The metric and the entropy methods of investigation of random processes are exploited. The authors consider random processes such that their values or increments belong to certain spaces of random variables. They consider \(K_{\sigma}\)-spaces and Orlicz spaces of random variables, spaces of sub-Gaussian, pre-Gaussian, square-Gaussian random variables and other special spaces.
The monograph contains eight chapters. The first chapter deals with spaces of sub-Gaussian and pre-Gaussian random variables. Characteristics of these random variables such as the sub-Gaussian standard, moments and semi-invariant functionals are presented. Large deviation inequalities for random variables and for sums of independent random variables are presented, too. In the second chapter spaces of random variables such as \(K_{\sigma}\)-spaces and Orlicz spaces are investigated. Majorizing characteristics of these spaces are introduced. These characteristics allow to obtain inequalities for maxima of the finite numbers of random variables from these spaces. Exponential Orlicz spaces are considered and large deviations inequalities are proposed. The following two chapters deal with the investigation of analytic properties of random processes from \(K_{\sigma}\)-spaces of random variables. In the third chapter the authors present the condition of boundedness of random processes from \(K_{\sigma}\)-spaces and find estimates for the distribution of suprema of processes from Orlicz spaces. These estimates are strengthened for random processes from Sub\(_{\varphi}(\Omega)\) spaces. Conditions for sample path continuity of random processes from \(K_{\sigma}\)-spaces are presented, too. Moduli of continuity of random processes from the Orlicz space generated by an exponential Orlicz function are studied in this chapter. The authors find the distribution of norms of these random processes in Lipschitz spaces. In the fourth chapter properties of pre-Gaussian processes are studied in more detail.
The following chapters are devoted to applications of results of the previous chapters. In the fifth chapter properties of the generalized processes of Shortky effect are investigated. In the sixth chapter estimates for the correlation function of a Gaussian random process are proposed.

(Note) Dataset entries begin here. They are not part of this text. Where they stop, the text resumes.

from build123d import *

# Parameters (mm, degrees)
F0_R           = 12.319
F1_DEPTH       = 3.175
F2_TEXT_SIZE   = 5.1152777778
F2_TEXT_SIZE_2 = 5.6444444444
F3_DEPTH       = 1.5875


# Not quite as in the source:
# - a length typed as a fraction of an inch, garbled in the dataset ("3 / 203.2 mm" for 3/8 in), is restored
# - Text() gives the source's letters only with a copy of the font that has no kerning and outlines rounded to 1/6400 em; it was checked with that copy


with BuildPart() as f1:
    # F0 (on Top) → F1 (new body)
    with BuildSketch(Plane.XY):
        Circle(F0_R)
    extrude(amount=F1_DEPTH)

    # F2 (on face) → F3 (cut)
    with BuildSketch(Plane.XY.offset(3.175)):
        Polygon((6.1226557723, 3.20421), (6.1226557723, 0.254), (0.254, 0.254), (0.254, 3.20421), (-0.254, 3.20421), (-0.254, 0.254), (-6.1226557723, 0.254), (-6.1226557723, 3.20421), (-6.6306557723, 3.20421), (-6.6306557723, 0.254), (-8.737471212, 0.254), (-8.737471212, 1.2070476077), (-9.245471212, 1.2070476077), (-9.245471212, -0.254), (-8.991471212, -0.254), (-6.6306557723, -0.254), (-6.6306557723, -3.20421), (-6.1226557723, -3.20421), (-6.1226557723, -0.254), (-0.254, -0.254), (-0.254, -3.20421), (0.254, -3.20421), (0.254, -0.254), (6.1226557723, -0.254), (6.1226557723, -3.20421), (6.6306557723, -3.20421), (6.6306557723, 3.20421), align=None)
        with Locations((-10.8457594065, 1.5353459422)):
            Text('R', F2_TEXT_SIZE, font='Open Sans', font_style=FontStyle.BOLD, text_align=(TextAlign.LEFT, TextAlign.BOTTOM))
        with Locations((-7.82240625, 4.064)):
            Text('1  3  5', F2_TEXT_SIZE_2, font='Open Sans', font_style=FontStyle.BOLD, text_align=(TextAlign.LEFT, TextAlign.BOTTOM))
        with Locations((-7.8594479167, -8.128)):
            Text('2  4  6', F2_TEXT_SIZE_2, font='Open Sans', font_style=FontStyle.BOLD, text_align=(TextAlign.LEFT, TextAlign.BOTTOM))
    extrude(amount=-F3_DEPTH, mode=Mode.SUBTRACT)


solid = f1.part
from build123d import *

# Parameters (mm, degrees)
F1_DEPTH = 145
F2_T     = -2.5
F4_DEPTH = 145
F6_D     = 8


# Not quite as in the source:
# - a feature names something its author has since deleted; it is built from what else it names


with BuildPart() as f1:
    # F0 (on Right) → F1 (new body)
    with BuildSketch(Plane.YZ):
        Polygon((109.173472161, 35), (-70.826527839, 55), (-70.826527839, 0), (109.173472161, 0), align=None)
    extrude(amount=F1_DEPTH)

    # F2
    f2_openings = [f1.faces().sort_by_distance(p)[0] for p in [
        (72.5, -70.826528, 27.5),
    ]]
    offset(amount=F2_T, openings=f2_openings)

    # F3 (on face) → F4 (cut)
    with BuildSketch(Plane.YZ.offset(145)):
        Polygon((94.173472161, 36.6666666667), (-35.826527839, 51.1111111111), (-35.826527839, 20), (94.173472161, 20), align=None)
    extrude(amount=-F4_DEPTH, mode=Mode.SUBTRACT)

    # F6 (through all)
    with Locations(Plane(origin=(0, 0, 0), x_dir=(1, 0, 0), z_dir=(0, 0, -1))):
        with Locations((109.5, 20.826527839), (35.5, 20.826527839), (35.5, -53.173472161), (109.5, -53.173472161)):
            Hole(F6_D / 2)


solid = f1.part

The functional tolerance interval for correlation functions of Gaussian processes are constructed. The seventh chapter is devoted to applications of strong sub-Gaussian random processes. The Fourier method of investigation for boundary-value problems with strong sub-Gaussian initial conditions is exploited. The Lévy-Baxter type theorems for strong sub-Gaussian and pseudo sub-Gaussian random processes are proved.
This is a very clear and nicely written monograph. It will be useful to read it even for a nonspecialist of this field.